Alas, my family moved a lot when I was kid, so I haven't encountered any emotionally traumatized blond young men since, but there are probably several boys out there who really should have thought of biting as a first line of defense. What do we teach kids in school these days!

June 5, 2009 at 3:31 PM  
OpenID sarahnargle said...

I was exactly the same at nine, though ear twisting was my weapon of choice, the school steps were my domain, and I remained feared throughout middle school (despite my actually begging my parents to put me into the All Girls Private School, which I am very glad they didn't). By then my weapon was the cane I carried for a bad knee, and I employed it in defending the weak, enacting revenge, and in attempts to break certain repeat offenders of their prejudiced comments. I was never caught, and no teacher would believe that "Sweet, quiet Sarah" was the secret villain feared by the troublemakers of the class. When I returned (after a two year break in the realm of independent study and junior college) for the final year of high school, I did notice a flicker of fear in the eyes of certain boys upon realizing who I was; but at the same time I received more than my fair share of applause at graduation from those I had protected with my Cane of Justice.

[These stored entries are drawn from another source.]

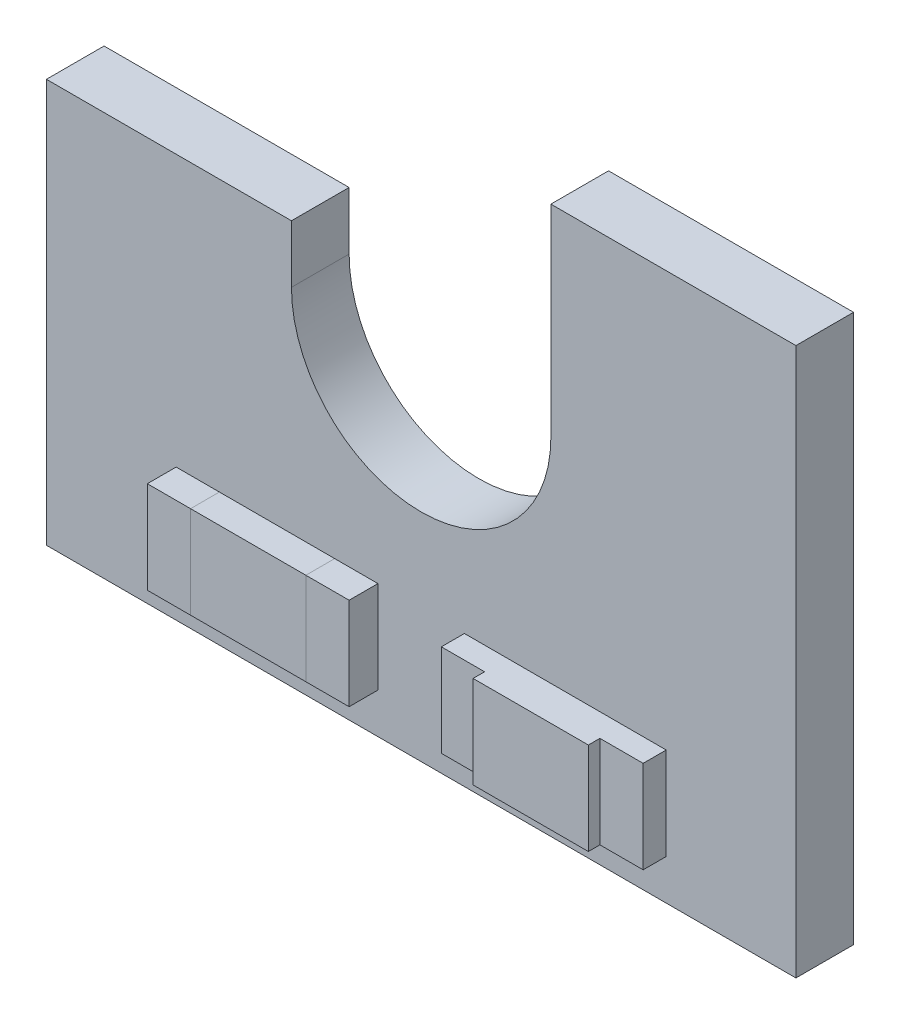
from build123d import *

# Parameters (mm, degrees)
BASES_W                           = 13
BASES_H                           = 9.5
BASE_DEPTH                        = 1
FASTENER_ACCESS_DEPTH             = 9.11249037
SMDCAPACITORBODYS_W               = 2
SMDCAPACITORBODYS_H               = 1.6
SMD_CAPACITOR_BODY_DEPTH          = 0.5
SMDCAPACITORSOLDERBODY1S_W        = 1.6
SMDCAPACITORSOLDERBODY1S_H        = 0.5
SMD_CAPACITOR_SOLDER_BODY_1_DEPTH = 0.75
SMDCAPACITORSOLDERBODY2S_W        = 1.6
SMDCAPACITORSOLDERBODY2S_H        = 0.5
SMD_CAPACITOR_SOLDER_BODY_2_DEPTH = 0.75
LEDS_W                            = 3.5
LEDS_H                            = 1.6
LED_DEPTH                         = 0.4
LEDTS_W                           = 2
LEDTS_H                           = 1.6
LED_TOP_DEPTH                     = 0.2
SKETCH1_W                         = 4.25
SKETCH1_H                         = 2.5
PCB_LEFT_CUT_DEPTH                = 9.11249037


with BuildPart() as part:
    # BaseS → BASE (new body)
    with BuildSketch(Plane.XY):
        Rectangle(BASES_W, BASES_H)
    extrude(amount=-BASE_DEPTH)

    # FastenerAccessS → FASTENER ACCESS (cut, through all)
    with BuildSketch(Plane.XY):
        with BuildLine():
            Line((-2.25, 4.75), (2.25, 4.75))
            Line((2.25, 4.75), (2.25, 1.25))
            ThreePointArc((2.25, 1.25), (0, -1), (-2.25, 1.25))
            Line((-2.25, 1.25), (-2.25, 4.75))
        make_face()
    extrude(amount=-FASTENER_ACCESS_DEPTH, mode=Mode.SUBTRACT)

    # Sketch1 → PCB Left Cut (cut, through all)
    with BuildSketch(Plane.XY):
        with Locations((-4.375, 3.5)):
            Rectangle(SKETCH1_W, SKETCH1_H)
    extrude(amount=-PCB_LEFT_CUT_DEPTH, mode=Mode.SUBTRACT)


with BuildPart() as body_2:
    # SMDCapacitorBodyS → SMD CAPACITOR BODY (new body)
    with BuildSketch(Plane.XY):
        with Locations((-2.5, -3.25)):
            Rectangle(SMDCAPACITORBODYS_W, SMDCAPACITORBODYS_H)
    extrude(amount=SMD_CAPACITOR_BODY_DEPTH)


with BuildPart() as body_3:
    # SMDCapacitorSolderBody1S → SMD CAPACITOR SOLDER BODY 1 (new body)
    with BuildSketch(Plane(origin=(-3.5, -0.45, 0), x_dir=(0, 1, 0), z_dir=(1, 0, 0))):
        with Locations((-2.8, 0.25)):
            Rectangle(SMDCAPACITORSOLDERBODY1S_W, SMDCAPACITORSOLDERBODY1S_H)
    extrude(amount=-SMD_CAPACITOR_SOLDER_BODY_1_DEPTH)


with BuildPart() as body_4:
    # SMDCapacitorSolderBody2S → SMD CAPACITOR SOLDER BODY 2 (new body)
    with BuildSketch(Plane(origin=(-1.5, -1.05, 0), x_dir=(0, 1, 0), z_dir=(-1, 0, 0))):
        with Locations((-2.2, -0.25)):
            Rectangle(SMDCAPACITORSOLDERBODY2S_W, SMDCAPACITORSOLDERBODY2S_H)
    extrude(amount=-SMD_CAPACITOR_SOLDER_BODY_2_DEPTH)


with BuildPart() as body_5:
    # LEDS → LED (new body)
    with BuildSketch(Plane.XY):
        with Locations((2.5, -3.25)):
            Rectangle(LEDS_W, LEDS_H)
    extrude(amount=LED_DEPTH)

    # LEDTS → LED TOP (add)
    with BuildSketch(Plane.XY.offset(0.4)):
        with Locations((2.5, -3.25)):
            Rectangle(LEDTS_W, LEDTS_H)
    extrude(amount=LED_TOP_DEPTH)


solid = Compound([part.part, body_2.part, body_3.part, body_4.part, body_5.part])

I'm not quite sure which swoon was my first, but I do remember an early one. Being a nerd of incredible proportions, and a child who didn't mind being the only girl in attendance, especially as it defied the expectations of all the men who were constantly trying to oppress me in suburban Berkeley, it happened at Dungeons and Dragons Camp. It was the result of my character doing something so incredibly awesome in an Epic Battle that I, as a usually quiet eight-year-old who didn't talk much unless things had suddenly gotten very interesting indeed, wouldn't shut up about it, until the strain of it got to be a bit too much and a fainting couch had to be employed. But in a very strong, feminist way, I assure you.

My swoons of a romantic persuasion usually occur on the stage when I play Helenas who are strong rather than subservient, yet still find time to run into the arms of their Demetriuses. My first Demetrius gave me cause to swoon on many occasions, but that is a much different story.

And in a situation like that, biting was definitely the only sensible course of action. Especially if there was no cane to hand.

June 6, 2009 at 12:51 AM  
OpenID stephanieburgis said...

But what happened when Ciaran walked back into your life???????

June 6, 2009 at 5:14 AM  
OpenID ren_not_lauren said...

I second what stephanieburgis said...what happened when Ciaran came back?!?!????!!??

June 6, 2009 at 9:59 AM  
Blogger kailtyn said...

third it! i wanna know. pretty please tell us!
and the lip bitting. not going to lie that was funny.

p.s. NINA I WANT TO HEAR YOUR SWOON!